Per me invece è stata la base di un periodo in cui tentavo di farle capire ciò che rappresentava per me. In quel periodo le ho scritto poesie e pensieri via sms. Speravo così, candidamente, di riconquistarla.
Quella canzone invece non essendo mia gliela dedicai una volta sola.  L'ascoltavo prevalentemente da solo, dedicandogliela col pensiero.
E' stato il periodo più fanciullesco ed ingenuo di tutta la vicenda, non me ne vergogno, ma sento ancora il dolore della sua inutilità.


----------



## Minerva (13 Gennaio 2010)

Alce Veloce ha detto:


> Per me invece è stata la base di un periodo in cui tentavo di farle capire ciò che rappresentava per me. In quel periodo le ho scritto poesie e pensieri via sms. Speravo così, candidamente, di riconquistarla.
> Quella canzone invece non essendo mia gliela dedicai una volta sola. L'ascoltavo prevalentemente da solo, dedicandogliela col pensiero.
> E' stato il periodo più fanciullesco ed ingenuo di tutta la vicenda, non me ne vergogno, ma sento ancora il dolore della sua inutilità.

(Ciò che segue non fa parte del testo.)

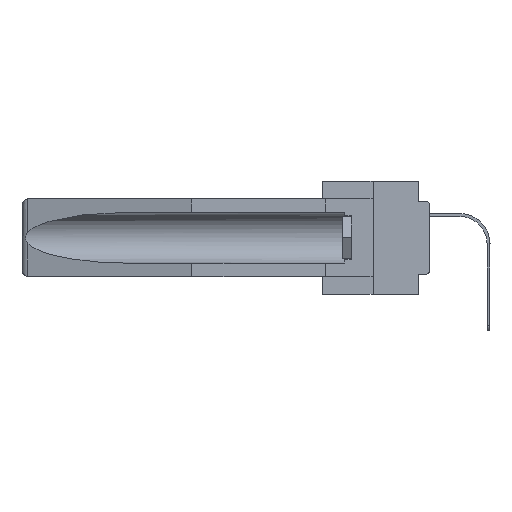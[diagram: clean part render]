
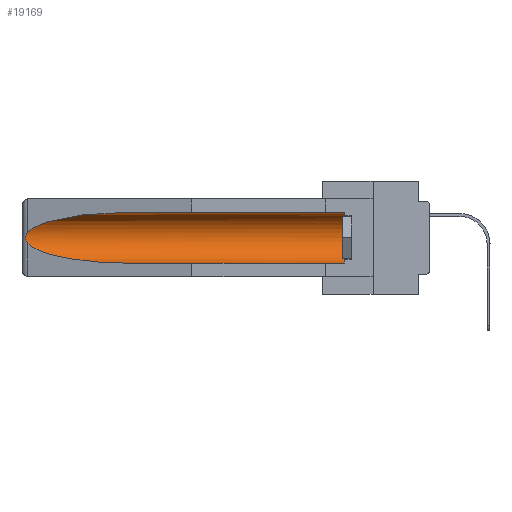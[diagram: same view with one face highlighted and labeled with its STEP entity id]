
A CAD part, left-side view. The second image highlights one B-rep face of the part: STEP entity #19169.
In plain terms, the highlighted cylindrical face has radius 2.857 mm (diameter 5.715 mm), a partial arc.
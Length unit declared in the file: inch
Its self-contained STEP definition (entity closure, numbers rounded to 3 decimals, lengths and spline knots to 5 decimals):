
#173 = CARTESIAN_POINT ( 'NONE',  ( 0.26537, 1.52718, -0.14972 ) ) ;
#733 = CARTESIAN_POINT ( 'NONE',  ( 0.26537, 1.52718, -0.19328 ) ) ;
#929 = ORIENTED_EDGE ( 'NONE', *, *, #22819, .T. ) ;
#1389 = CARTESIAN_POINT ( 'NONE',  ( 0.155, 0.126, -0.059 ) ) ;
#3145 = CARTESIAN_POINT ( 'NONE',  ( 0.155, -0.30754, -0.059 ) ) ;
#3261 = AXIS2_PLACEMENT_3D ( 'NONE', #9724, #14169, #6848 ) ;
#3424 = CARTESIAN_POINT ( 'NONE',  ( 0.25451, 1.48313, -0.24835 ) ) ;
#4746 = ORIENTED_EDGE ( 'NONE', *, *, #31043, .T. ) ;
#5028 = EDGE_CURVE ( 'NONE', #8423, #15513, #22191, .T. ) ;
#6464 = CARTESIAN_POINT ( 'NONE',  ( 0.26537, 1.52718, -0.14972 ) ) ;
#6481 = B_SPLINE_CURVE_WITH_KNOTS ( 'NONE', 3,
 ( #173, #19925, #7110, #12039, #9827, #9662, #19304, #28943, #26724, #24352 ),
 .UNSPECIFIED., .F., .F.,
 ( 4, 2, 2, 2, 4 ),
 ( 0., 0.00029, 0.00058, 0.00087, 0.00117 ),
 .UNSPECIFIED. ) ;
#6804 = CARTESIAN_POINT ( 'NONE',  ( 0.155, 0.126, -0.1715 ) ) ;
#6848 = DIRECTION ( 'NONE',  ( 0., 0., 1. ) ) ;
#7110 = CARTESIAN_POINT ( 'NONE',  ( 0.26654, 1.53092, -0.15636 ) ) ;
#8216 = VECTOR ( 'NONE', #19935, 39.37008 ) ;
#8423 = VERTEX_POINT ( 'NONE', #8810 ) ;
#8810 = CARTESIAN_POINT ( 'NONE',  ( 0.155, 1.07973, -0.059 ) ) ;
#8947 = ORIENTED_EDGE ( 'NONE', *, *, #17064, .T. ) ;
#9302 = CARTESIAN_POINT ( 'NONE',  ( 0.26537, 1.52718, -0.14972 ) ) ;
#9662 = CARTESIAN_POINT ( 'NONE',  ( 0.2675, 1.53308, -0.17534 ) ) ;
#9724 = CARTESIAN_POINT ( 'NONE',  ( 0.155, -0.30754, -0.1715 ) ) ;
#9750 = DIRECTION ( 'NONE',  ( 0., 1., 0. ) ) ;
#9827 = CARTESIAN_POINT ( 'NONE',  ( 0.2675, 1.53308, -0.16763 ) ) ;
#10539 = EDGE_LOOP ( 'NONE', ( #30021, #11380, #8947, #20277, #4746, #929 ) ) ;
#11380 = ORIENTED_EDGE ( 'NONE', *, *, #29984, .T. ) ;
#12039 = CARTESIAN_POINT ( 'NONE',  ( 0.2673, 1.5327, -0.16383 ) ) ;
#12760 = VERTEX_POINT ( 'NONE', #13116 ) ;
#12958 = CARTESIAN_POINT ( 'NONE',  ( 0.26537, 1.52718, -0.19328 ) ) ;
#13102 = CARTESIAN_POINT ( 'NONE',  ( 0.155, 1.07973, -0.284 ) ) ;
#13116 = CARTESIAN_POINT ( 'NONE',  ( 0.155, 0.126, -0.284 ) ) ;
#13557 = CIRCLE ( 'NONE', #17582, 0.1125 ) ;
#14154 = VERTEX_POINT ( 'NONE', #16433 ) ;
#14169 = DIRECTION ( 'NONE',  ( 0., 1., 0. ) ) ;
#15513 = VERTEX_POINT ( 'NONE', #9302 ) ;
#16433 = CARTESIAN_POINT ( 'NONE',  ( 0.155, 1.07973, -0.284 ) ) ;
#16639 = DIRECTION ( 'NONE',  ( 0., -1., 0. ) ) ;
#17064 = EDGE_CURVE ( 'NONE', #25008, #14154, #19153, .T. ) ;
#17582 = AXIS2_PLACEMENT_3D ( 'NONE', #6804, #16639, #26437 ) ;
#19153 =( BOUNDED_CURVE ( )  B_SPLINE_CURVE ( 3, ( #12958, #3424, #27639, #13102 ),
 .UNSPECIFIED., .F., .F. ) 
 B_SPLINE_CURVE_WITH_KNOTS ( ( 4, 4 ),
 ( 0.1948, 1.5708 ),
 .UNSPECIFIED. ) 
 CURVE ( )  GEOMETRIC_REPRESENTATION_ITEM ( )  RATIONAL_B_SPLINE_CURVE ( ( 1., 0.848, 0.848, 1. ) ) 
 REPRESENTATION_ITEM ( '' )  );
#19169 = ADVANCED_FACE ( 'NONE', ( #30881 ), #23627, .F. ) ;
#19304 = CARTESIAN_POINT ( 'NONE',  ( 0.2673, 1.53269, -0.17917 ) ) ;
#19394 = LINE ( 'NONE', #24120, #20798 ) ;
#19925 = CARTESIAN_POINT ( 'NONE',  ( 0.26597, 1.52961, -0.15275 ) ) ;
#19935 = DIRECTION ( 'NONE',  ( 0., 1., 0. ) ) ;
#20277 = ORIENTED_EDGE ( 'NONE', *, *, #22202, .F. ) ;
#20798 = VECTOR ( 'NONE', #9750, 39.37008 ) ;
#20894 = CARTESIAN_POINT ( 'NONE',  ( 0.155, 1.07973, -0.059 ) ) ;
#22191 =( BOUNDED_CURVE ( )  B_SPLINE_CURVE ( 3, ( #20894, #30510, #28158, #6464 ),
 .UNSPECIFIED., .F., .F. ) 
 B_SPLINE_CURVE_WITH_KNOTS ( ( 4, 4 ),
 ( 4.71239, 6.08839 ),
 .UNSPECIFIED. ) 
 CURVE ( )  GEOMETRIC_REPRESENTATION_ITEM ( )  RATIONAL_B_SPLINE_CURVE ( ( 1., 0.848, 0.848, 1. ) ) 
 REPRESENTATION_ITEM ( '' )  );
#22202 = EDGE_CURVE ( 'NONE', #12760, #14154, #19394, .T. ) ;
#22819 = EDGE_CURVE ( 'NONE', #30105, #8423, #24999, .T. ) ;
#23627 = CYLINDRICAL_SURFACE ( 'NONE', #3261, 0.1125 ) ;
#24120 = CARTESIAN_POINT ( 'NONE',  ( 0.155, -0.30754, -0.284 ) ) ;
#24352 = CARTESIAN_POINT ( 'NONE',  ( 0.26537, 1.52718, -0.19328 ) ) ;
#24999 = LINE ( 'NONE', #3145, #8216 ) ;
#25008 = VERTEX_POINT ( 'NONE', #733 ) ;
#26437 = DIRECTION ( 'NONE',  ( 0., 0., 1. ) ) ;
#26724 = CARTESIAN_POINT ( 'NONE',  ( 0.26597, 1.5296, -0.19026 ) ) ;
#27639 = CARTESIAN_POINT ( 'NONE',  ( 0.21114, 1.30732, -0.284 ) ) ;
#28158 = CARTESIAN_POINT ( 'NONE',  ( 0.25451, 1.48313, -0.09465 ) ) ;
#28943 = CARTESIAN_POINT ( 'NONE',  ( 0.26655, 1.53094, -0.18657 ) ) ;
#29984 = EDGE_CURVE ( 'NONE', #15513, #25008, #6481, .T. ) ;
#30021 = ORIENTED_EDGE ( 'NONE', *, *, #5028, .T. ) ;
#30105 = VERTEX_POINT ( 'NONE', #1389 ) ;
#30510 = CARTESIAN_POINT ( 'NONE',  ( 0.21114, 1.30732, -0.059 ) ) ;
#30881 = FACE_OUTER_BOUND ( 'NONE', #10539, .T. ) ;
#31043 = EDGE_CURVE ( 'NONE', #12760, #30105, #13557, .T. ) ;
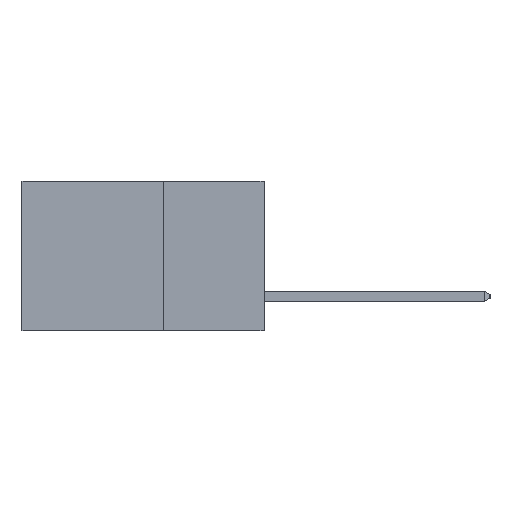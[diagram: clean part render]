
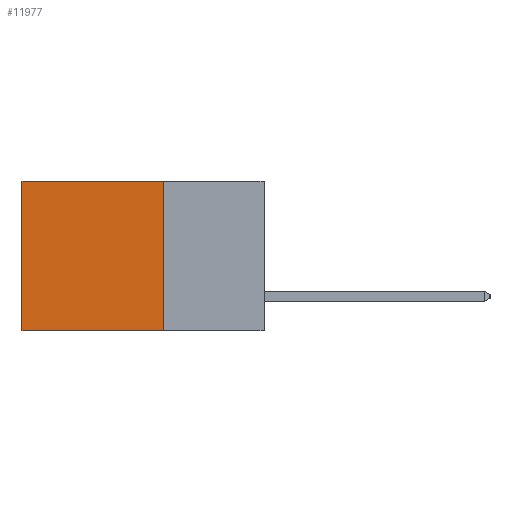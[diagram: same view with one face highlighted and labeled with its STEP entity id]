
A CAD part, left-side view. The second image highlights one B-rep face of the part: STEP entity #11977.
In plain terms, the highlighted planar face has unit normal (-1, 0, 0).
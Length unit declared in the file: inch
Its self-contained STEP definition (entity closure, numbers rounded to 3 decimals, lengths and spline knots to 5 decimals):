
#460 = ORIENTED_EDGE ( 'NONE', *, *, #1932, .F. ) ;
#498 = ORIENTED_EDGE ( 'NONE', *, *, #17240, .T. ) ;
#1932 = EDGE_CURVE ( 'NONE', #20565, #5336, #11418, .T. ) ;
#2542 = CARTESIAN_POINT ( 'NONE',  ( 0.2615, 0.6, 0. ) ) ;
#2712 = PLANE ( 'NONE',  #7835 ) ;
#3416 = CARTESIAN_POINT ( 'NONE',  ( 0.2615, 0.25, -0.37 ) ) ;
#3421 = EDGE_CURVE ( 'NONE', #5336, #11545, #5073, .T. ) ;
#3710 = CARTESIAN_POINT ( 'NONE',  ( 0.2615, 0.25, 0. ) ) ;
#3774 = DIRECTION ( 'NONE',  ( 0., 1., 0. ) ) ;
#5073 = LINE ( 'NONE', #15850, #17244 ) ;
#5336 = VERTEX_POINT ( 'NONE', #3416 ) ;
#5631 = VECTOR ( 'NONE', #3774, 39.37008 ) ;
#5976 = CARTESIAN_POINT ( 'NONE',  ( 0.2615, 0.25, -0.37 ) ) ;
#6753 = ORIENTED_EDGE ( 'NONE', *, *, #3421, .F. ) ;
#7152 = VECTOR ( 'NONE', #11749, 39.37008 ) ;
#7615 = DIRECTION ( 'NONE',  ( 0., 0., -1. ) ) ;
#7835 = AXIS2_PLACEMENT_3D ( 'NONE', #5976, #17090, #7615 ) ;
#10414 = EDGE_CURVE ( 'NONE', #20565, #18034, #13635, .T. ) ;
#10768 = FACE_OUTER_BOUND ( 'NONE', #13980, .T. ) ;
#11418 = LINE ( 'NONE', #11696, #7152 ) ;
#11545 = VERTEX_POINT ( 'NONE', #20622 ) ;
#11696 = CARTESIAN_POINT ( 'NONE',  ( 0.2615, 0.25, -0.37 ) ) ;
#11749 = DIRECTION ( 'NONE',  ( 0., 0., -1. ) ) ;
#11977 = ADVANCED_FACE ( 'NONE', ( #10768 ), #2712, .F. ) ;
#12501 = LINE ( 'NONE', #15660, #16660 ) ;
#12518 = DIRECTION ( 'NONE',  ( 0., 0., -1. ) ) ;
#13635 = LINE ( 'NONE', #14930, #5631 ) ;
#13980 = EDGE_LOOP ( 'NONE', ( #498, #6753, #460, #17413 ) ) ;
#14795 = DIRECTION ( 'NONE',  ( 0., 1., 0. ) ) ;
#14930 = CARTESIAN_POINT ( 'NONE',  ( 0.2615, 0.25, 0. ) ) ;
#15660 = CARTESIAN_POINT ( 'NONE',  ( 0.2615, 0.6, -0.37 ) ) ;
#15850 = CARTESIAN_POINT ( 'NONE',  ( 0.2615, 0.25, -0.37 ) ) ;
#16660 = VECTOR ( 'NONE', #12518, 39.37008 ) ;
#17090 = DIRECTION ( 'NONE',  ( 1., 0., 0. ) ) ;
#17240 = EDGE_CURVE ( 'NONE', #18034, #11545, #12501, .T. ) ;
#17244 = VECTOR ( 'NONE', #14795, 39.37008 ) ;
#17413 = ORIENTED_EDGE ( 'NONE', *, *, #10414, .T. ) ;
#18034 = VERTEX_POINT ( 'NONE', #2542 ) ;
#20565 = VERTEX_POINT ( 'NONE', #3710 ) ;
#20622 = CARTESIAN_POINT ( 'NONE',  ( 0.2615, 0.6, -0.37 ) ) ;
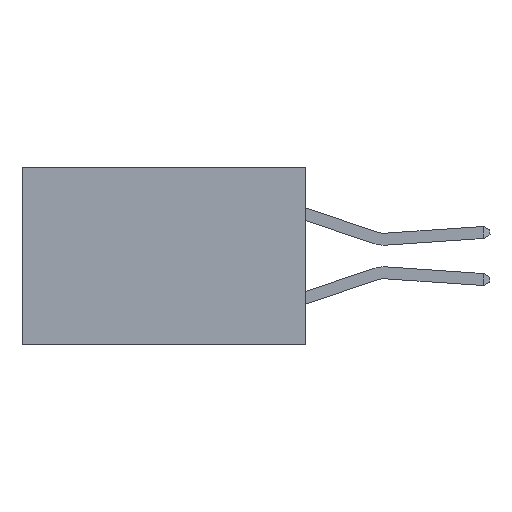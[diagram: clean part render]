
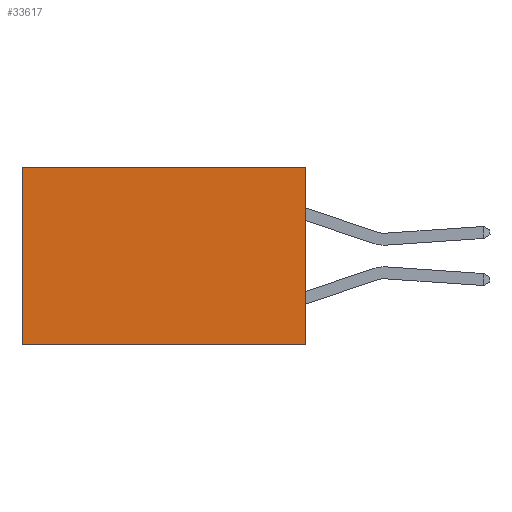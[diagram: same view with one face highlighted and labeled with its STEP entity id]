
A CAD part, left-side view. The second image highlights one B-rep face of the part: STEP entity #33617.
In plain terms, the highlighted planar face has unit normal (-1, 0, 0).
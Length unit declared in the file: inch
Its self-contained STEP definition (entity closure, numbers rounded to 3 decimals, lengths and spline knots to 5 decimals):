
#1992 = LINE ( 'NONE', #18003, #15263 ) ;
#2170 = DIRECTION ( 'NONE',  ( 0., 1., 0. ) ) ;
#2291 = CARTESIAN_POINT ( 'NONE',  ( 0.277, 0., -0.37 ) ) ;
#2785 = VECTOR ( 'NONE', #17814, 39.37008 ) ;
#3374 = AXIS2_PLACEMENT_3D ( 'NONE', #2291, #5023, #23384 ) ;
#3584 = CARTESIAN_POINT ( 'NONE',  ( 0.277, 0., 0. ) ) ;
#4664 = EDGE_LOOP ( 'NONE', ( #18660, #30429, #31392, #9308 ) ) ;
#5023 = DIRECTION ( 'NONE',  ( 1., 0., 0. ) ) ;
#6789 = CARTESIAN_POINT ( 'NONE',  ( 0.277, 0.59, -0.37 ) ) ;
#7636 = VERTEX_POINT ( 'NONE', #10201 ) ;
#9232 = CARTESIAN_POINT ( 'NONE',  ( 0.277, 0., 0. ) ) ;
#9308 = ORIENTED_EDGE ( 'NONE', *, *, #13679, .T. ) ;
#9833 = LINE ( 'NONE', #22979, #2785 ) ;
#10201 = CARTESIAN_POINT ( 'NONE',  ( 0.277, 0., -0.37 ) ) ;
#11923 = DIRECTION ( 'NONE',  ( 0., 1., 0. ) ) ;
#12557 = LINE ( 'NONE', #6789, #25665 ) ;
#12839 = LINE ( 'NONE', #9232, #32758 ) ;
#13679 = EDGE_CURVE ( 'NONE', #14331, #13683, #12839, .T. ) ;
#13683 = VERTEX_POINT ( 'NONE', #32698 ) ;
#14331 = VERTEX_POINT ( 'NONE', #3584 ) ;
#14914 = CARTESIAN_POINT ( 'NONE',  ( 0.277, 0.59, -0.37 ) ) ;
#15263 = VECTOR ( 'NONE', #2170, 39.37008 ) ;
#17814 = DIRECTION ( 'NONE',  ( 0., 0., -1. ) ) ;
#18003 = CARTESIAN_POINT ( 'NONE',  ( 0.277, 0., -0.37 ) ) ;
#18113 = PLANE ( 'NONE',  #3374 ) ;
#18660 = ORIENTED_EDGE ( 'NONE', *, *, #19621, .T. ) ;
#19621 = EDGE_CURVE ( 'NONE', #13683, #30206, #12557, .T. ) ;
#21268 = EDGE_CURVE ( 'NONE', #7636, #30206, #1992, .T. ) ;
#22979 = CARTESIAN_POINT ( 'NONE',  ( 0.277, 0., -0.37 ) ) ;
#23384 = DIRECTION ( 'NONE',  ( 0., 0., -1. ) ) ;
#25665 = VECTOR ( 'NONE', #27764, 39.37008 ) ;
#27764 = DIRECTION ( 'NONE',  ( 0., 0., -1. ) ) ;
#27803 = EDGE_CURVE ( 'NONE', #14331, #7636, #9833, .T. ) ;
#30206 = VERTEX_POINT ( 'NONE', #14914 ) ;
#30429 = ORIENTED_EDGE ( 'NONE', *, *, #21268, .F. ) ;
#31392 = ORIENTED_EDGE ( 'NONE', *, *, #27803, .F. ) ;
#31419 = FACE_OUTER_BOUND ( 'NONE', #4664, .T. ) ;
#32698 = CARTESIAN_POINT ( 'NONE',  ( 0.277, 0.59, 0. ) ) ;
#32758 = VECTOR ( 'NONE', #11923, 39.37008 ) ;
#33617 = ADVANCED_FACE ( 'NONE', ( #31419 ), #18113, .F. ) ;

 tenero alce....vergognartene, stai scherzando ? 
sarebbe vergognoso sapere che non sia stata apprezzata questa delicatezza d'animo
un po' d'ingenuità  ci riporta ai bei tempi fanciulleschi in cui ancora si sognava


----------



## Alce Veloce (13 Gennaio 2010)

Iris ha detto:


> Ininfluente un ciufolo!!! Ho chiesto la separazione! Che cos'altro dovevo fare? Mi pare la reazione più forte che potessi avere.





Lettrice ha detto:


> Alce non so Iris, il tuo era un tradimento con una persona... il mio erano piu' tradimenti con piu' persone confessati quando la relazione era gia' finita ma cosa ho da chiedere?
> Se a te serve far parlare tua moglie fai bene, ma c'e' chi non lo fa. Tu hai chiesto io ho risposto per la mia esperienza.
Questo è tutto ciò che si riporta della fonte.